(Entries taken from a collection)
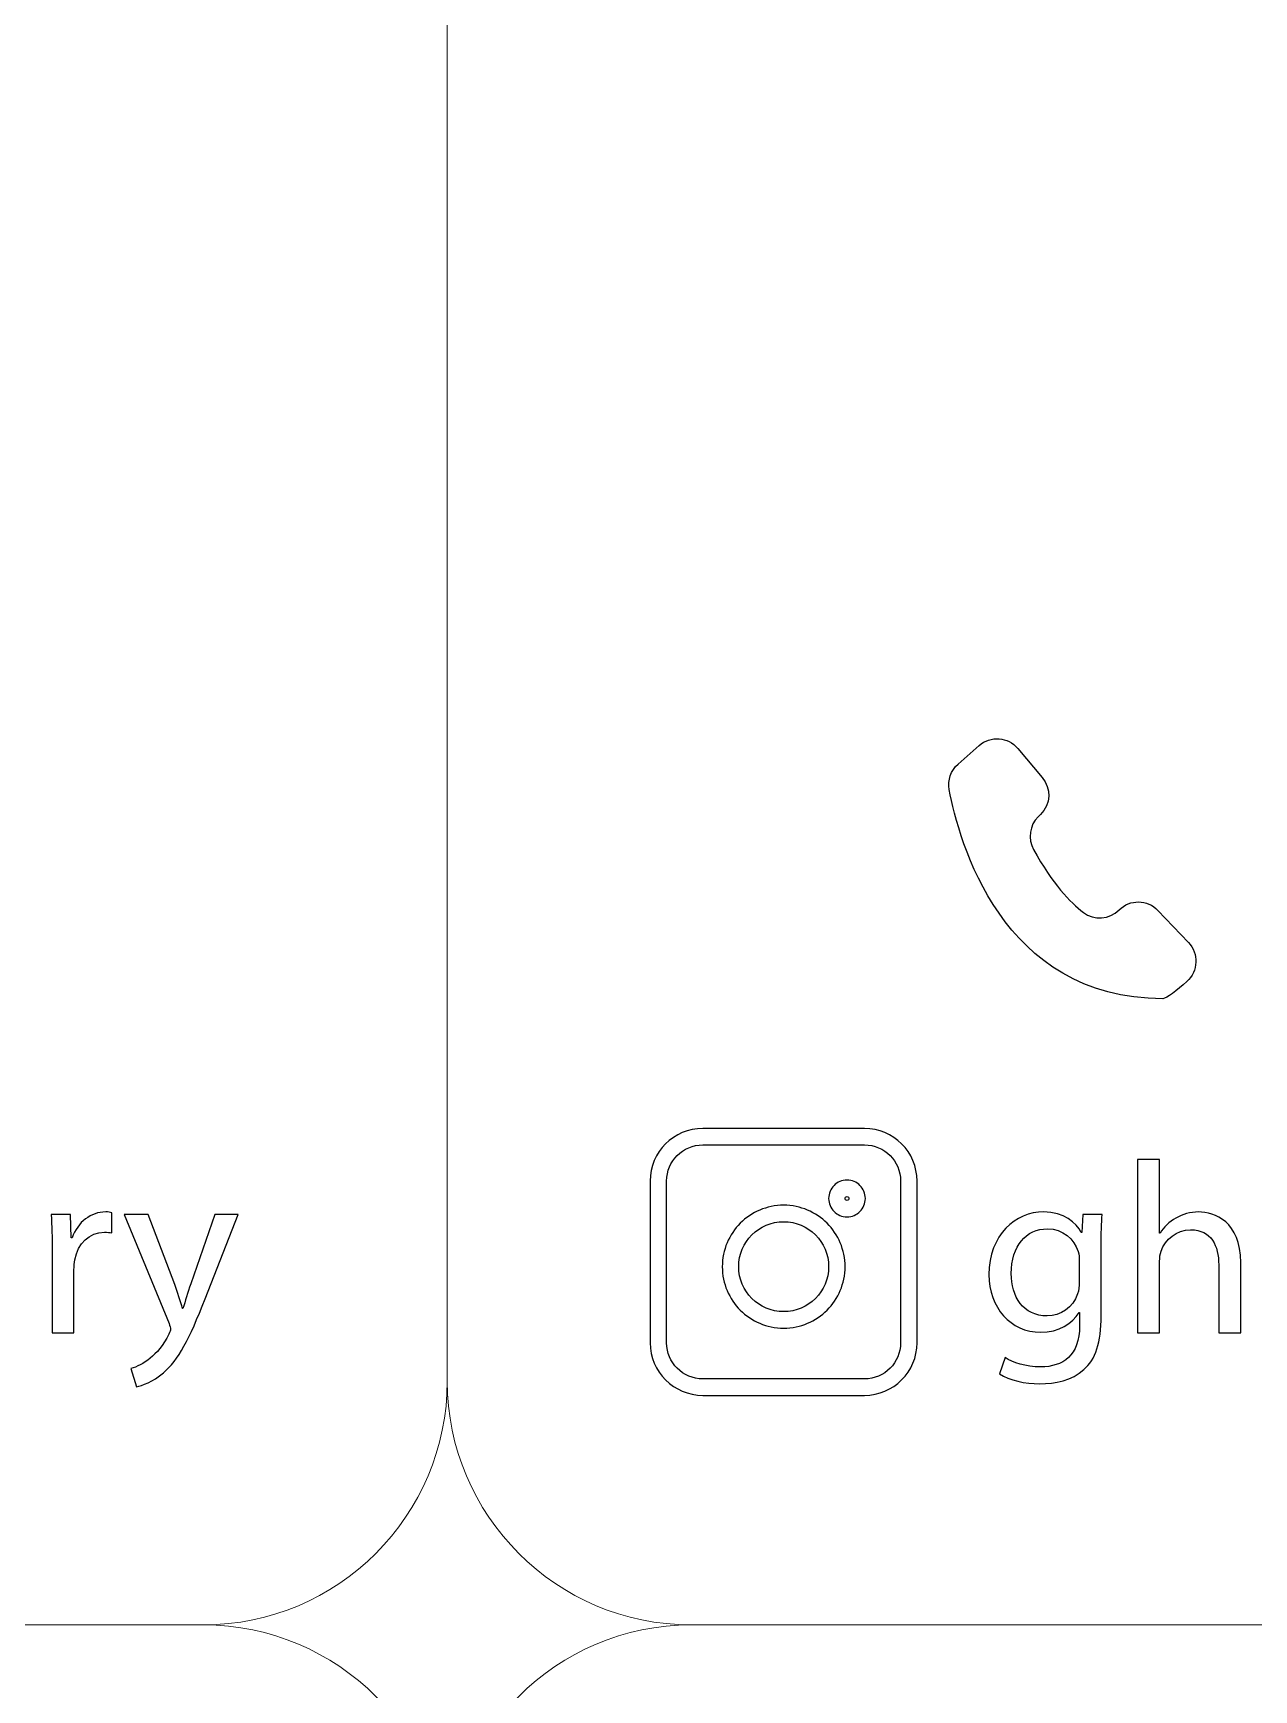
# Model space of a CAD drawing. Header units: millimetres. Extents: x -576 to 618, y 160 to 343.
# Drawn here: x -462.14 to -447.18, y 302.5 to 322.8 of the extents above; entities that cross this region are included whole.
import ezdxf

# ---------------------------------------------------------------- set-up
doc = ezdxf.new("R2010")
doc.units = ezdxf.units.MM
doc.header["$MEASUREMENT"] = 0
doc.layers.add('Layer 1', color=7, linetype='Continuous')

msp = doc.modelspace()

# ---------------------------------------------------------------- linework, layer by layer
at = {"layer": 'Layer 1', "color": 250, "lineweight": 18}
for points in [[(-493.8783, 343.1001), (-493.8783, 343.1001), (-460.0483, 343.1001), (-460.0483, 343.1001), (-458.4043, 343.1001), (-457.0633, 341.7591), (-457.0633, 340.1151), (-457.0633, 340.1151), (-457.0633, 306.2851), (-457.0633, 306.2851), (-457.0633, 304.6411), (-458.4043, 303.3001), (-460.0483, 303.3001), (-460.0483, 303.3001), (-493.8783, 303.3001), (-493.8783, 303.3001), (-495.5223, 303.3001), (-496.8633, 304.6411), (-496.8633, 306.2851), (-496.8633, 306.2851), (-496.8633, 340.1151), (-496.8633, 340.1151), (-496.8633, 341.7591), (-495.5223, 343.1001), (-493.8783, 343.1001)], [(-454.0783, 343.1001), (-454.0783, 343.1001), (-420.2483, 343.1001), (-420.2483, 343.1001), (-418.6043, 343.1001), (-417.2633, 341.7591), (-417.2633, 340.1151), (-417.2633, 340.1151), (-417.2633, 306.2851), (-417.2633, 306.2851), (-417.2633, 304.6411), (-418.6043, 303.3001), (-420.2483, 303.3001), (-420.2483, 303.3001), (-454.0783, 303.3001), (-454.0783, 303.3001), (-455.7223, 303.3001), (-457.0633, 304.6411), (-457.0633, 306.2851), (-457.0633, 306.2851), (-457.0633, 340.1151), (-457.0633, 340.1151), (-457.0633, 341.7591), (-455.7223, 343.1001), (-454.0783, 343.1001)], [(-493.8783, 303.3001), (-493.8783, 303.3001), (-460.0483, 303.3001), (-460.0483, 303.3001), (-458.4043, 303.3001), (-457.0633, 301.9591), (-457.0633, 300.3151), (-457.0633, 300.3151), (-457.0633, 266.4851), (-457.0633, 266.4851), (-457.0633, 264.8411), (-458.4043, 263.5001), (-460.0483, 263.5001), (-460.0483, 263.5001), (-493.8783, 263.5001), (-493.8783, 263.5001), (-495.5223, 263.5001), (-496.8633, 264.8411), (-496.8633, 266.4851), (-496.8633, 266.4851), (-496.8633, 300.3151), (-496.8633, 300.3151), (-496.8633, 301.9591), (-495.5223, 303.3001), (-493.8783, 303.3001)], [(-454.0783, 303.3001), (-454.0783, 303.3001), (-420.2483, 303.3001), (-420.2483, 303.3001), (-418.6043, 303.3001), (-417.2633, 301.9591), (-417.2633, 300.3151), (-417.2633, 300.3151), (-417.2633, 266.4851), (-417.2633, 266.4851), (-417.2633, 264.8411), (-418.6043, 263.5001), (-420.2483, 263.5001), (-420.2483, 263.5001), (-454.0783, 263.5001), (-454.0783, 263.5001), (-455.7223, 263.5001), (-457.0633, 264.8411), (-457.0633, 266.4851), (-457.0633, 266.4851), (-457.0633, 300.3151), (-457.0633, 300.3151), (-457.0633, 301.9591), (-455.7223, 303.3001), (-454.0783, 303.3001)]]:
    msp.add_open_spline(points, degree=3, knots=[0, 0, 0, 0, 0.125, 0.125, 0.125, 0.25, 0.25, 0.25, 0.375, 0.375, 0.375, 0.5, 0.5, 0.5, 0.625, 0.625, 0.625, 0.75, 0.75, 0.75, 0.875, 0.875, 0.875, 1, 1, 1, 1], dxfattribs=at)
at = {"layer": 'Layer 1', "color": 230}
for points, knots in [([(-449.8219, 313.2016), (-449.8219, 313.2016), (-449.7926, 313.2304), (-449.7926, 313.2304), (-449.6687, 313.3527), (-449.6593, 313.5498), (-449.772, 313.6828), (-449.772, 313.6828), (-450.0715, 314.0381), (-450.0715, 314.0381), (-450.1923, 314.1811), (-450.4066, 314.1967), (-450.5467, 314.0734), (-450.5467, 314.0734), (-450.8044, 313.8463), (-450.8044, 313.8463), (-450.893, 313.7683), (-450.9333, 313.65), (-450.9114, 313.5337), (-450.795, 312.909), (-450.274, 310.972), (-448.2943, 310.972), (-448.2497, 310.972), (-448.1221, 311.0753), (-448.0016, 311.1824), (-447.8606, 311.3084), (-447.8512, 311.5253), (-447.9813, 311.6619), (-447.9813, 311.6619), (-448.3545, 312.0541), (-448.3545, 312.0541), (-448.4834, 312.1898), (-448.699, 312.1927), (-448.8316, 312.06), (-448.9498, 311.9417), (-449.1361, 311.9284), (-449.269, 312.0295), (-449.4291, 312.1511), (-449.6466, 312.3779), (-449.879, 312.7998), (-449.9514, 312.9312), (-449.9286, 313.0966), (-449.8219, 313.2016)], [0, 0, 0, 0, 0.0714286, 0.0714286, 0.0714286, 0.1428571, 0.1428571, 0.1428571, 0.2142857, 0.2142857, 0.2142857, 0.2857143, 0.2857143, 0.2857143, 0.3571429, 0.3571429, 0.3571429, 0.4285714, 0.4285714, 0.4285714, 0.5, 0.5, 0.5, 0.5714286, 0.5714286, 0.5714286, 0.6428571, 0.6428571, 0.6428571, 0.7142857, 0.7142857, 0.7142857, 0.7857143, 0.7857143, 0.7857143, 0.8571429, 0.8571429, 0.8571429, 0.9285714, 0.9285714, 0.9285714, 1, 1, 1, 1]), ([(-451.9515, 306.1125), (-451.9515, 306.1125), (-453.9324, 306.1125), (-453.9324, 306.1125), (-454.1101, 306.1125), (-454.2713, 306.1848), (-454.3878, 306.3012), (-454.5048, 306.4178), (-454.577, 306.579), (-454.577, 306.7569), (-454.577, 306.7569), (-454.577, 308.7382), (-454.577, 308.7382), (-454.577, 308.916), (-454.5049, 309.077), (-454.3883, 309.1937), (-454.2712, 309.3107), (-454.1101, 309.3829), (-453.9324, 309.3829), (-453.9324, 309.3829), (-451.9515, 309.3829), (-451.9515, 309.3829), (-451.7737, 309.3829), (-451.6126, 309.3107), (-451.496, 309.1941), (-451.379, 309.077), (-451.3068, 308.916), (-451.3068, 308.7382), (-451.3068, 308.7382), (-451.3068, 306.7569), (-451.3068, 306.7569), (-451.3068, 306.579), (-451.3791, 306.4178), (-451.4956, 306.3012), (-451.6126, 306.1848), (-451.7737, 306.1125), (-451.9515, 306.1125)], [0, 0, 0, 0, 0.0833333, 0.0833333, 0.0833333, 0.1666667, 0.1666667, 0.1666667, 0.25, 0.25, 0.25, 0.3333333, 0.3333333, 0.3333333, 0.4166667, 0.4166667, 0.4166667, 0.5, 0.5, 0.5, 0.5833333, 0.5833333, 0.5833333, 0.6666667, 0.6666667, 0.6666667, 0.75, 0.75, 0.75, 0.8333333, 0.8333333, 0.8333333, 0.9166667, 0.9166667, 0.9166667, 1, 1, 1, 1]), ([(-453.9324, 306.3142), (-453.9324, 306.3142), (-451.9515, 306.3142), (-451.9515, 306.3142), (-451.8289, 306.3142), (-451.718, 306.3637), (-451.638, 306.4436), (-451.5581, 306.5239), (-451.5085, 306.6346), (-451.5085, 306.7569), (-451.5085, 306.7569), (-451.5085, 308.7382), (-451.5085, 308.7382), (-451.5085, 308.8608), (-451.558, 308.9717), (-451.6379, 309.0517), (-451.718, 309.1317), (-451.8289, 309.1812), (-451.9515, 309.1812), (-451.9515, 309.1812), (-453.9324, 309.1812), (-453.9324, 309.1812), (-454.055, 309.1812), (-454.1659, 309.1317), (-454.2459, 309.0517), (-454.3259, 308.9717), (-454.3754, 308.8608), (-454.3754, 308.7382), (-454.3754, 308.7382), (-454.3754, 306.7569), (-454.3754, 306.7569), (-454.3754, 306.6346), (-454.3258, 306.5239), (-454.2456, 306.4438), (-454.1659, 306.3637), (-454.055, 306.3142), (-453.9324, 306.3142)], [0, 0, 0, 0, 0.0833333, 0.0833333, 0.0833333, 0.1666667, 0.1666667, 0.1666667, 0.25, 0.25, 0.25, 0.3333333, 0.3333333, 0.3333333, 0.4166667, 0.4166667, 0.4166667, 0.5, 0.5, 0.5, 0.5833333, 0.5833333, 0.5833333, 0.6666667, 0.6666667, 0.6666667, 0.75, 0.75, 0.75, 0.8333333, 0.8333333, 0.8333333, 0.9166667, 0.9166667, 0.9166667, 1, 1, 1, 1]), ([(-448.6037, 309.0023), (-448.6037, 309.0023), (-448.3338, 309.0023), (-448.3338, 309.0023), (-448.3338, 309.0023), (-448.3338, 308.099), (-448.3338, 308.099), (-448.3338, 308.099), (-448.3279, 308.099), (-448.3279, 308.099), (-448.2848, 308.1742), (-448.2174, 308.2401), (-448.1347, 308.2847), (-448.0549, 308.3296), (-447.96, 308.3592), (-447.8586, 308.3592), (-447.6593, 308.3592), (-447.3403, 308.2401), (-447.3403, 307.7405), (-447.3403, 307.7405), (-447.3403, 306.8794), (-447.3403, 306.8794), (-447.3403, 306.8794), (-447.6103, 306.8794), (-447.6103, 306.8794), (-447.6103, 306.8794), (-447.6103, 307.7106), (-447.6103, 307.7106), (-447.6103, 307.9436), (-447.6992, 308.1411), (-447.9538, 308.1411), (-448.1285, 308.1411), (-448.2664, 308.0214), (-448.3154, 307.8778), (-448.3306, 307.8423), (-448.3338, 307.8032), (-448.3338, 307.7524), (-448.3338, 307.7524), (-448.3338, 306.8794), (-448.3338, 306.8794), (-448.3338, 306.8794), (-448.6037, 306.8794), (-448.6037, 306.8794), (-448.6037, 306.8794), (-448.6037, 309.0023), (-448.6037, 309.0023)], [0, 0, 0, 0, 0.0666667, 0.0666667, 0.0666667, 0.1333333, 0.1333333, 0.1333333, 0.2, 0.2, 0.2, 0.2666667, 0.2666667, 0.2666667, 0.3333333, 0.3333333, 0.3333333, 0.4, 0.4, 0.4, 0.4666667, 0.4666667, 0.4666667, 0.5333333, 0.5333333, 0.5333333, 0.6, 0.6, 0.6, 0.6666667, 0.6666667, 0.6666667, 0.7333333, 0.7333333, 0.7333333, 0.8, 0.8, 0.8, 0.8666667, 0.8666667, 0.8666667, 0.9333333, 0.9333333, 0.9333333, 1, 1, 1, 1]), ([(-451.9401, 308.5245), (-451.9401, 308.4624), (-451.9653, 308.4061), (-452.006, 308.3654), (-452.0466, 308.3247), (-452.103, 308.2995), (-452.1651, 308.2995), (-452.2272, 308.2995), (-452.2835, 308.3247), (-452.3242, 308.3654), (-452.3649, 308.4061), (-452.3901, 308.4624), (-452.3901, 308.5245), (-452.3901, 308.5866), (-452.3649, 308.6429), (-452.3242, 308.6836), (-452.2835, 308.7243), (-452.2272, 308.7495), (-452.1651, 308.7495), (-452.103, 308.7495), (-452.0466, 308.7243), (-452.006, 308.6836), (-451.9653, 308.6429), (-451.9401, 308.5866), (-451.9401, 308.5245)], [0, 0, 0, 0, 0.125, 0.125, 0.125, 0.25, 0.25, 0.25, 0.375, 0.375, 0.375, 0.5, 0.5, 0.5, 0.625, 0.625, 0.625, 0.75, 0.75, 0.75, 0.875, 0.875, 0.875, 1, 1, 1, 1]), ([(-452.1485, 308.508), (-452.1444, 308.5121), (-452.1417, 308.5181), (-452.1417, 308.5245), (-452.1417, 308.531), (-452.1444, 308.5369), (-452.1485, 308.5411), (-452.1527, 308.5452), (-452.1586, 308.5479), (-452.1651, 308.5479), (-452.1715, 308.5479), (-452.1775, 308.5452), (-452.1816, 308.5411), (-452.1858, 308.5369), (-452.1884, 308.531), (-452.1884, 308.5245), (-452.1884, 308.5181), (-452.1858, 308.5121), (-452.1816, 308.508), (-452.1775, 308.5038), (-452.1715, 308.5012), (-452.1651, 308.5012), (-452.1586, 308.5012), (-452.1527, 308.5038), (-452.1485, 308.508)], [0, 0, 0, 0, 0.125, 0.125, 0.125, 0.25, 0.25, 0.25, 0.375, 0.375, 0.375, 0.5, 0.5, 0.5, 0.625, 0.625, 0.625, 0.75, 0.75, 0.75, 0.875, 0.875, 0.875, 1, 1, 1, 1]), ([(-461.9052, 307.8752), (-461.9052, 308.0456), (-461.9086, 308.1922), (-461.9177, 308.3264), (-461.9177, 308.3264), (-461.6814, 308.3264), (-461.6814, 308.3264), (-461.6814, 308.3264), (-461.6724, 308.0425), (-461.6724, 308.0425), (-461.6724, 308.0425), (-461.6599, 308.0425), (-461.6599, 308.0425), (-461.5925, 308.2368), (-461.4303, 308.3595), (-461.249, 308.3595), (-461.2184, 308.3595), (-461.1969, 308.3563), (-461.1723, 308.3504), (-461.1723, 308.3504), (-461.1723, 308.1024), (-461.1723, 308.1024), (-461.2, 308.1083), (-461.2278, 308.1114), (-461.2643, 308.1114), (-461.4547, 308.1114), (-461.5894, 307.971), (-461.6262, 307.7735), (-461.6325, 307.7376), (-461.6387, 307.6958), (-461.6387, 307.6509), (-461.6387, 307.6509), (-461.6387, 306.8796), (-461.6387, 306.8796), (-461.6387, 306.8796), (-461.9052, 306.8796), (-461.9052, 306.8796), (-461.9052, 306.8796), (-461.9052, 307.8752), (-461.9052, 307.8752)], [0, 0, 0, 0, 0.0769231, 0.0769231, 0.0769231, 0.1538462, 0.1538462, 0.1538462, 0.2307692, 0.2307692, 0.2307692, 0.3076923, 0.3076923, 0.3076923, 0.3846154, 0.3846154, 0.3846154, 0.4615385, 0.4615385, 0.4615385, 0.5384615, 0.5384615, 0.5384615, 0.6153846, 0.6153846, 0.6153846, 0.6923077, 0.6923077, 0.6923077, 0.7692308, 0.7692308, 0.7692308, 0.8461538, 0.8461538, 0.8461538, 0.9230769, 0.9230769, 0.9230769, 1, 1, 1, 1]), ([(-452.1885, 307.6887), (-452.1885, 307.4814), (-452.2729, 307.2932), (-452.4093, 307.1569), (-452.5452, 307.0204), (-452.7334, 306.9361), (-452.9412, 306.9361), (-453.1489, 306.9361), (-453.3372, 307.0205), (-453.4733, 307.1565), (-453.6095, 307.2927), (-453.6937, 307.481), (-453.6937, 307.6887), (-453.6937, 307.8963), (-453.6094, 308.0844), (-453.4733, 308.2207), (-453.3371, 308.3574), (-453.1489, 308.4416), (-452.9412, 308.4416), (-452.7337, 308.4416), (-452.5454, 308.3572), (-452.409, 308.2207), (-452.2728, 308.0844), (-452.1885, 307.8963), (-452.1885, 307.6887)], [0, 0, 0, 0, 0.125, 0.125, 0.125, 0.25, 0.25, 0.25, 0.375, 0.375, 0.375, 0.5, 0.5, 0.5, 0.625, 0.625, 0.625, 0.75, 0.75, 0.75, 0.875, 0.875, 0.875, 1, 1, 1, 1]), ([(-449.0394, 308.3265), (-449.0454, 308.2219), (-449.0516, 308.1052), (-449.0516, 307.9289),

What you are asked to do: Search the entries above for "ezdxf". Return every line that has it.

Solution for this exercise:
import ezdxf
doc = ezdxf.new("R2010")
doc.units = ezdxf.units.MM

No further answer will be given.